Stored items from a collection:
####################
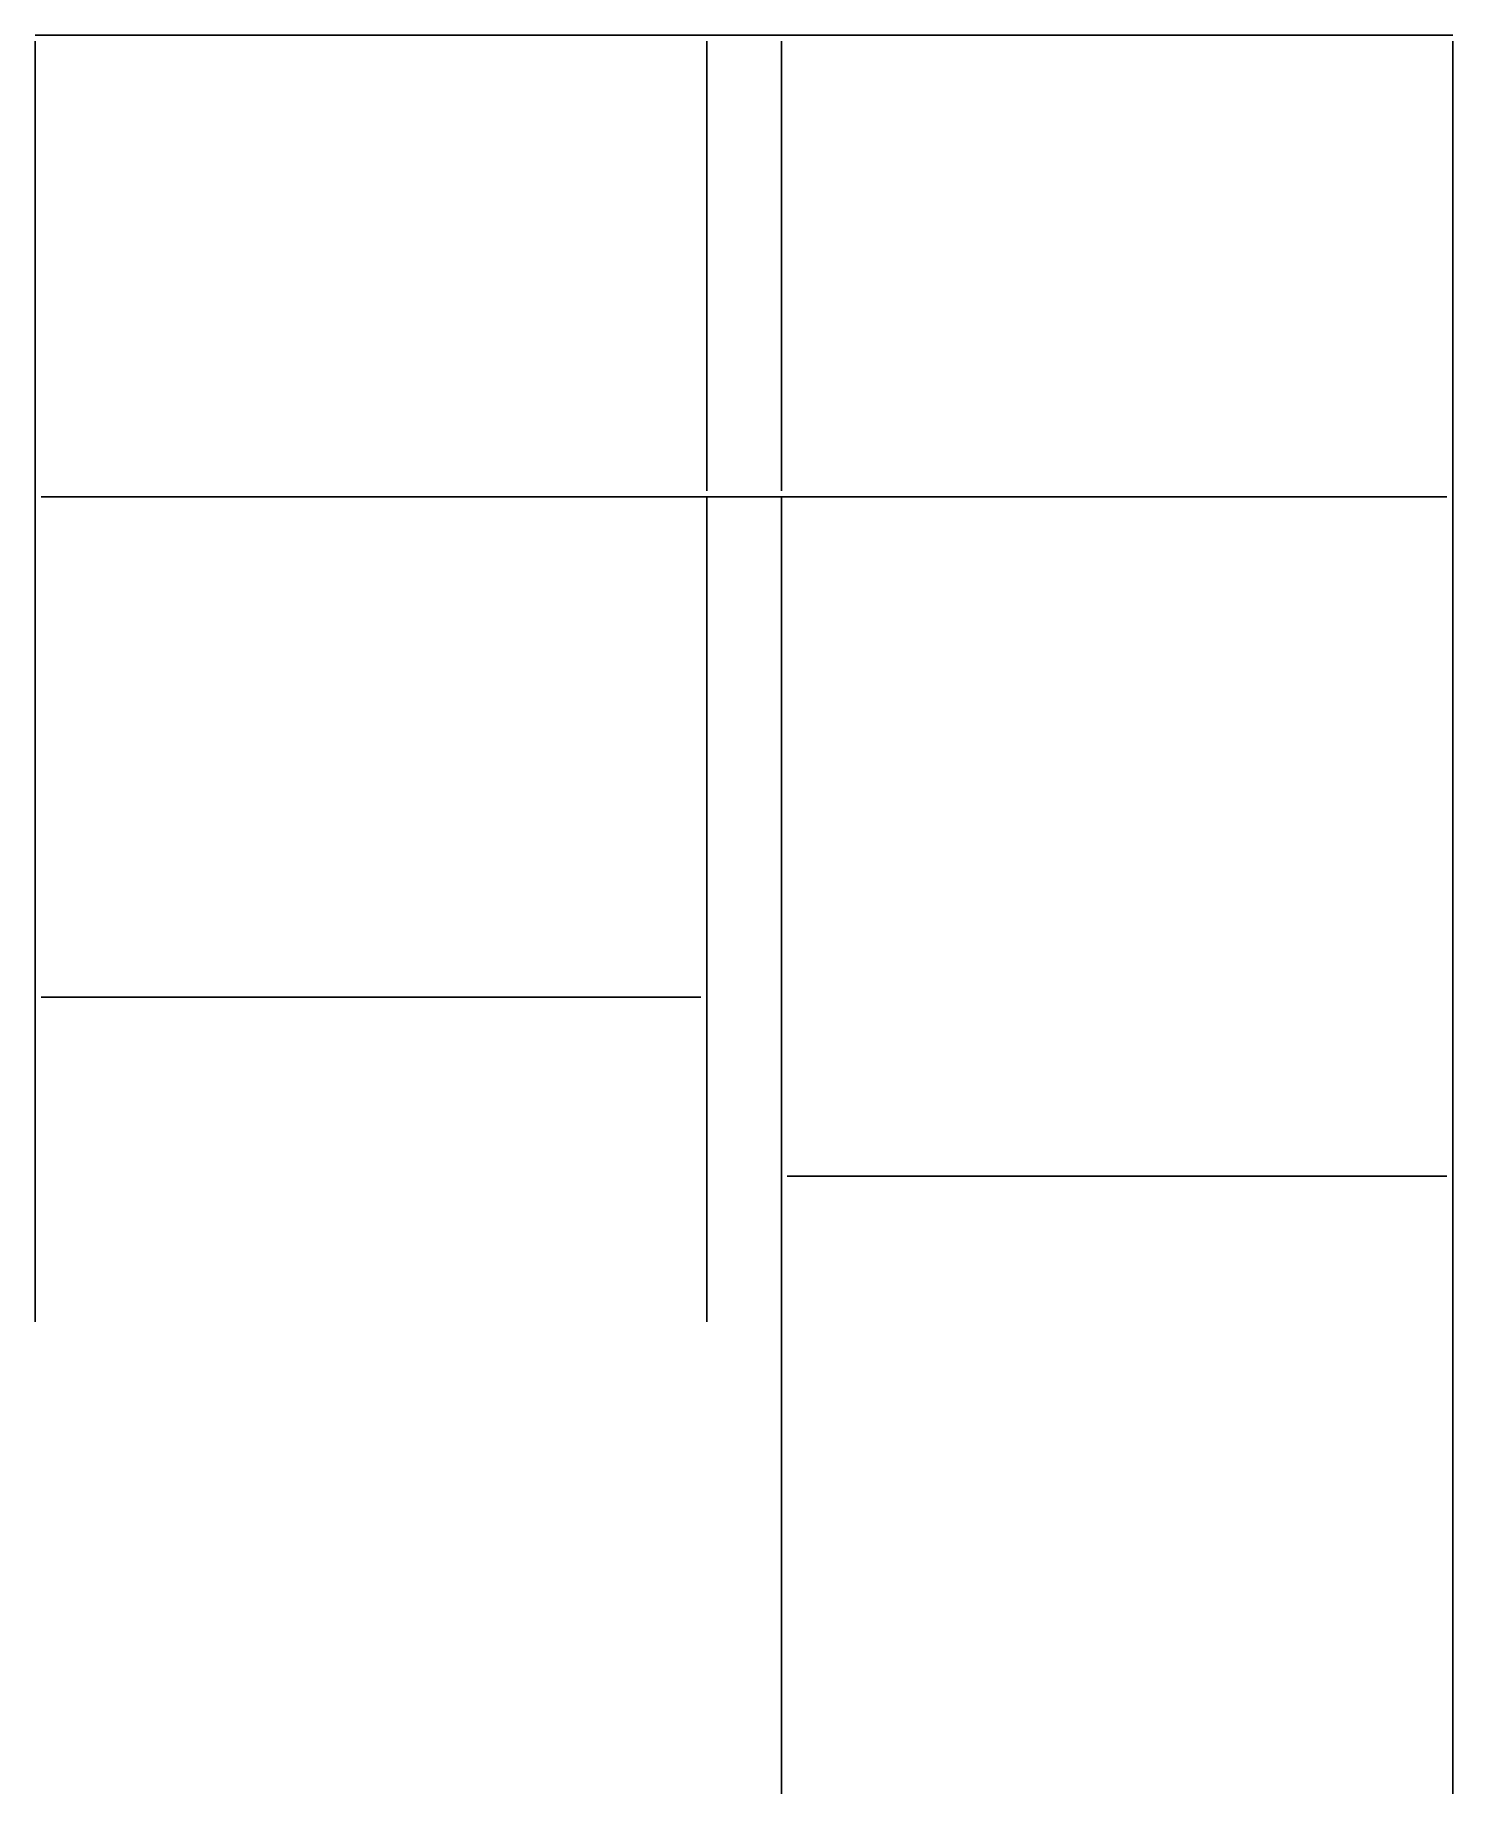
# Model space of a CAD drawing. Header units: millimetres. Extents: x 45705 to 47605, y -2972 to -614.
import ezdxf

# ---------------------------------------------------------------- set-up
doc = ezdxf.new("R2010")
doc.units = ezdxf.units.MM
for name, color, linetype in [('Ограждения', 7, 'Continuous'), ('Отверстия для стоек', 7, 'Continuous'), ('Тетивы', 7, 'Continuous')]:
    doc.layers.add(name, color=color, linetype=linetype)

# ---------------------------------------------------------------- blocks, each defined once
blk = doc.blocks.new('A$C2F8F205C')
at = {"layer": 'Ограждения', "extrusion": (0, -1, 0)}
for p, q in [((20, 0, 810), (-20, 0, 810)), ((20, 0, -90), (20, 0, 810))]:
    blk.add_line(p, q, dxfattribs=at)

msp = doc.modelspace()

# ---------------------------------------------------------------- linework, layer by layer
at = {"layer": 'Ограждения', "extrusion": (1, -6.12323e-17, 0)}
for p, q in [((45704.8, -732.1, -3674.3), (45704.8, -692.1, -3674.3)), ((45704.8, -692.1, -3674.3), (45704.8, -692.1, -2774.3)), ((45704.8, -692.1, -2774.3), (45704.8, -732.1, -2774.3)), ((45704.8, -712.1, -2774.3), (45704.8, -712.1, -2722.3)), ((45704.8, -712.1, -2722.3), (45704.8, -712.1, -2700.3)), ((45704.8, -732.1, -2774.3), (45704.8, -732.1, -3674.3)), ((45704.8, -1409.1, -3674.3), (45704.8, -1369.1, -3674.3)), ((45704.8, -1369.1, -3674.3), (45704.8, -1369.1, -2774.3)), ((45704.8, -1369.1, -2774.3), (45704.8, -1409.1, -2774.3)), ((45704.8, -1389.1, -2774.3), (45704.8, -1389.1, -2722.3)), ((45704.8, -1389.1, -2722.3), (45704.8, -1389.1, -2700.3)), ((45704.8, -1409.1, -2774.3), (45704.8, -1409.1, -3674.3)), ((45704.8, -1859.1, -4074.3), (45704.8, -1819.1, -4074.3)), ((45704.8, -1819.1, -4074.3), (45704.8, -1819.1, -3174.3)), ((45704.8, -1819.1, -3174.3), (45704.8, -1859.1, -3174.3)), ((45704.8, -1839.1, -3174.3), (45704.8, -1839.1, -3122.3)), ((45704.8, -1839.1, -3122.3), (45704.8, -1854.7, -3106.7)), ((45704.8, -1859.1, -3174.3), (45704.8, -1859.1, -4074.3)), ((45704.8, -2259.1, -4474.3), (45704.8, -2219.1, -4474.3)), ((45704.8, -2219.1, -4474.3), (45704.8, -2219.1, -3574.3)), ((45704.8, -2219.1, -3574.3), (45704.8, -2259.1, -3574.3)), ((45704.8, -2239.1, -3574.3), (45704.8, -2239.1, -3522.3)), ((45704.8, -2239.1, -3522.3), (45704.8, -2254.7, -3506.7)), ((45704.8, -2259.1, -3574.3), (45704.8, -2259.1, -4474.3))]:
    msp.add_line(p, q, dxfattribs=at)
at = {"layer": 'Ограждения', "extrusion": (-1, 1.83697e-16, 0)}
for p, q in [((47604.8, -692.1, -3674.3), (47604.8, -732.1, -3674.3)), ((47604.8, -1549.1, -3514.3), (47604.8, -1589.1, -3514.3)), ((47604.8, -2189.1, -2874.3), (47604.8, -2229.1, -2874.3)), ((47604.8, -2789.1, -2274.3), (47604.8, -2829.1, -2274.3))]:
    msp.add_line(p, q, dxfattribs=at)
at = {"layer": 'Ограждения', "extrusion": (1, -1.83697e-16, 0)}
for p, q in [((46704.8, -1549.1, -3514.3), (46704.8, -1589.1, -3514.3)), ((46704.8, -1589.1, -2614.3), (46704.8, -1549.1, -2614.3)), ((46704.8, -1549.1, -2614.3), (46704.8, -1549.1, -3514.3)), ((46704.8, -1569.1, -2562.3), (46704.8, -1553.5, -2546.7)), ((46704.8, -1569.1, -2614.3), (46704.8, -1569.1, -2562.3)), ((46704.8, -1589.1, -3514.3), (46704.8, -1589.1, -2614.3)), ((46704.8, -2189.1, -2874.3), (46704.8, -2229.1, -2874.3)), ((46704.8, -2229.1, -1974.3), (46704.8, -2189.1, -1974.3)), ((46704.8, -2189.1, -1974.3), (46704.8, -2189.1, -2874.3)), ((46704.8, -2209.1, -1922.3), (46704.8, -2193.5, -1906.7)), ((46704.8, -2209.1, -1974.3), (46704.8, -2209.1, -1922.3)), ((46704.8, -2229.1, -2874.3), (46704.8, -2229.1, -1974.3)), ((46704.8, -2789.1, -2274.3), (46704.8, -2829.1, -2274.3)), ((46704.8, -2829.1, -1374.3), (46704.8, -2789.1, -1374.3)), ((46704.8, -2789.1, -1374.3), (46704.8, -2789.1, -2274.3)), ((46704.8, -2809.1, -1322.3), (46704.8, -2793.5, -1306.7)), ((46704.8, -2809.1, -1374.3), (46704.8, -2809.1, -1322.3)), ((46704.8, -2829.1, -2274.3), (46704.8, -2829.1, -1374.3))]:
    msp.add_line(p, q, dxfattribs=at)
at = {"layer": 'Ограждения', "extrusion": (-1, 6.12323e-17, 0)}
for p, q in [((46604.8, -1628.1, -3843.3), (46604.8, -1588.1, -3843.3)), ((46604.8, -1588.1, -3843.3), (46604.8, -1588.1, -2943.3)), ((46604.8, -1588.1, -2943.3), (46604.8, -1628.1, -2943.3)), ((46604.8, -1608.1, -2943.3), (46604.8, -1608.1, -2891.3)), ((46604.8, -1608.1, -2891.3), (46604.8, -1623.7, -2875.7)), ((46604.8, -1628.1, -2943.3), (46604.8, -1628.1, -3843.3)), ((46604.8, -2259.1, -4474.3), (46604.8, -2219.1, -4474.3)), ((46604.8, -2219.1, -4474.3), (46604.8, -2219.1, -3574.3)), ((46604.8, -2219.1, -3574.3), (46604.8, -2259.1, -3574.3)), ((46604.8, -2239.1, -3574.3), (46604.8, -2239.1, -3522.3)), ((46604.8, -2239.1, -3522.3), (46604.8, -2254.7, -3506.7)), ((46604.8, -2259.1, -3574.3), (46604.8, -2259.1, -4474.3))]:
    msp.add_line(p, q, dxfattribs=at)
at = {"layer": 'Ограждения', "extrusion": (0, -1, 0)}
for centre in [(45794.8, -3584.3, 614.1), (45794.8, -3644.3, 614.1), (46654.8, -3584.3, 614.1), (46654.8, -3644.3, 614.1), (47514.8, -3584.3, 614.1), (47514.8, -3644.3, 614.1)]:
    msp.add_circle(centre, 7, dxfattribs=at)
at = {"layer": 'Ограждения', "extrusion": (1, -6.12323e-17, 0)}
for centre in [(-712.1, -3584.3, 45704.8), (-712.1, -3644.3, 45704.8), (-1389.1, -3584.3, 45704.8), (-1389.1, -3644.3, 45704.8), (-1839.1, -3984.3, 45704.8), (-1839.1, -4044.3, 45704.8), (-2239.1, -4384.3, 45704.8), (-2239.1, -4444.3, 45704.8)]:
    msp.add_circle(centre, 7, dxfattribs=at)
at = {"layer": 'Ограждения', "extrusion": (-1, 1.83697e-16, 0)}
for centre in [(712.1, -3584.3, -47604.8), (712.1, -3644.3, -47604.8), (1569.1, -3424.3, -47604.8), (1569.1, -3484.3, -47604.8), (2209.1, -2784.3, -47604.8), (2209.1, -2844.3, -47604.8), (2809.1, -2184.3, -47604.8), (2809.1, -2244.3, -47604.8)]:
    msp.add_circle(centre, 7, dxfattribs=at)
at = {"layer": 'Ограждения', "extrusion": (1, -1.83697e-16, 0)}
for centre in [(-1569.1, -3424.3, 46704.8), (-1569.1, -3484.3, 46704.8), (-2209.1, -2784.3, 46704.8), (-2209.1, -2844.3, 46704.8), (-2809.1, -2184.3, 46704.8), (-2809.1, -2244.3, 46704.8)]:
    msp.add_circle(centre, 7, dxfattribs=at)
at = {"layer": 'Ограждения', "extrusion": (-1, 6.12323e-17, 0)}
for centre in [(1608.1, -3753.3, -46604.8), (1608.1, -3813.3, -46604.8), (2239.1, -4384.3, -46604.8), (2239.1, -4444.3, -46604.8)]:
    msp.add_circle(centre, 7, dxfattribs=at)
at = {"layer": 'Отверстия для стоек', "extrusion": (0, -1, 0)}
for centre in [(45794.8, -3644.3, 614.1), (45794.8, -3584.3, 614.1), (46654.8, -3644.3, 614.1), (46654.8, -3584.3, 614.1), (47514.8, -3644.3, 614.1), (47514.8, -3584.3, 614.1)]:
    msp.add_circle(centre, 6.5, dxfattribs=at)
at = {"layer": 'Отверстия для стоек', "extrusion": (1, -6.12323e-17, 0)}
for centre in [(-712.1, -3644.3, 45704.8), (-1389.1, -3584.3, 45704.8), (-1389.1, -3644.3, 45704.8), (-1839.1, -3984.3, 45704.8), (-1839.1, -4044.3, 45704.8), (-2239.1, -4384.3, 45704.8), (-2239.1, -4444.3, 45704.8)]:
    msp.add_circle(centre, 6.5, dxfattribs=at)
at = {"layer": 'Отверстия для стоек', "extrusion": (-1, 1.83697e-16, 0)}
for centre in [(712.1, -3644.3, -47604.8), (1569.1, -3424.3, -47604.8), (1569.1, -3484.3, -47604.8), (2209.1, -2784.3, -47604.8), (2209.1, -2844.3, -47604.8), (2809.1, -2184.3, -47604.8), (2809.1, -2244.3, -47604.8)]:
    msp.add_circle(centre, 6.5, dxfattribs=at)
at = {"layer": 'Отверстия для стоек', "extrusion": (1, -1.83697e-16, 0)}
for centre in [(-1569.1, -3424.3, 46704.8), (-1569.1, -3484.3, 46704.8), (-2209.1, -2784.3, 46704.8), (-2209.1, -2844.3, 46704.8), (-2809.1, -2184.3, 46704.8), (-2809.1, -2244.3, 46704.8)]:
    msp.add_circle(centre, 6.5, dxfattribs=at)
at = {"layer": 'Отверстия для стоек', "extrusion": (-1, 6.12323e-17, 0)}
for centre in [(1608.1, -3753.3, -46604.8), (1608.1, -3813.3, -46604.8), (2239.1, -4384.3, -46604.8), (2239.1, -4444.3, -46604.8)]:
    msp.add_circle(centre, 6.5, dxfattribs=at)
at = {"layer": 'Тетивы', "extrusion": (0, -1, 0)}
for p, q in [((45704.8, -614.1, -3669.3), (45704.8, -614.1, -3519.3)), ((45704.8, -614.1, -3519.3), (47604.8, -614.1, -3519.3)), ((47604.8, -614.1, -3669.3), (45704.8, -614.1, -3669.3)), ((47604.8, -614.1, -3519.3), (47604.8, -614.1, -3669.3)), ((46712.8, -2144.1, -2869.3), (46712.8, -2144.1, -2764.3)), ((46712.8, -2144.1, -2764.3), (47596.8, -2144.1, -2764.3)), ((47596.8, -2144.1, -2869.3), (46712.8, -2144.1, -2869.3)), ((47596.8, -2144.1, -2764.3), (47596.8, -2144.1, -2869.3))]:
    msp.add_line(p, q, dxfattribs=at)
at = {"layer": 'Тетивы', "extrusion": (1, -6.12323e-17, 0)}
for p, q in [((45704.8, -1529.1, -3519.3), (45704.8, -622.1, -3519.3)), ((45704.8, -622.1, -3519.3), (45704.8, -622.1, -3669.3)), ((45704.8, -622.1, -3669.3), (45704.8, -1272.8, -3669.3)), ((46704.8, -1225.1, -3564.3), (46704.8, -622.1, -3564.3)), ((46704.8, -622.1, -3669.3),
####################
_ASSIGNMENT_
Keeping every character as it is, restate the lines above that run from the line with "blk = doc.blocks.new('A$C2F8F205C')" through the line with "layer by layer", both included, and nothing else.

_RESPONSE BOX_
blk = doc.blocks.new('A$C2F8F205C')
at = {"layer": 'Ограждения', "extrusion": (0, -1, 0)}
for p, q in [((20, 0, 810), (-20, 0, 810)), ((20, 0, -90), (20, 0, 810))]:
    blk.add_line(p, q, dxfattribs=at)

msp = doc.modelspace()

# ---------------------------------------------------------------- linework, layer by layer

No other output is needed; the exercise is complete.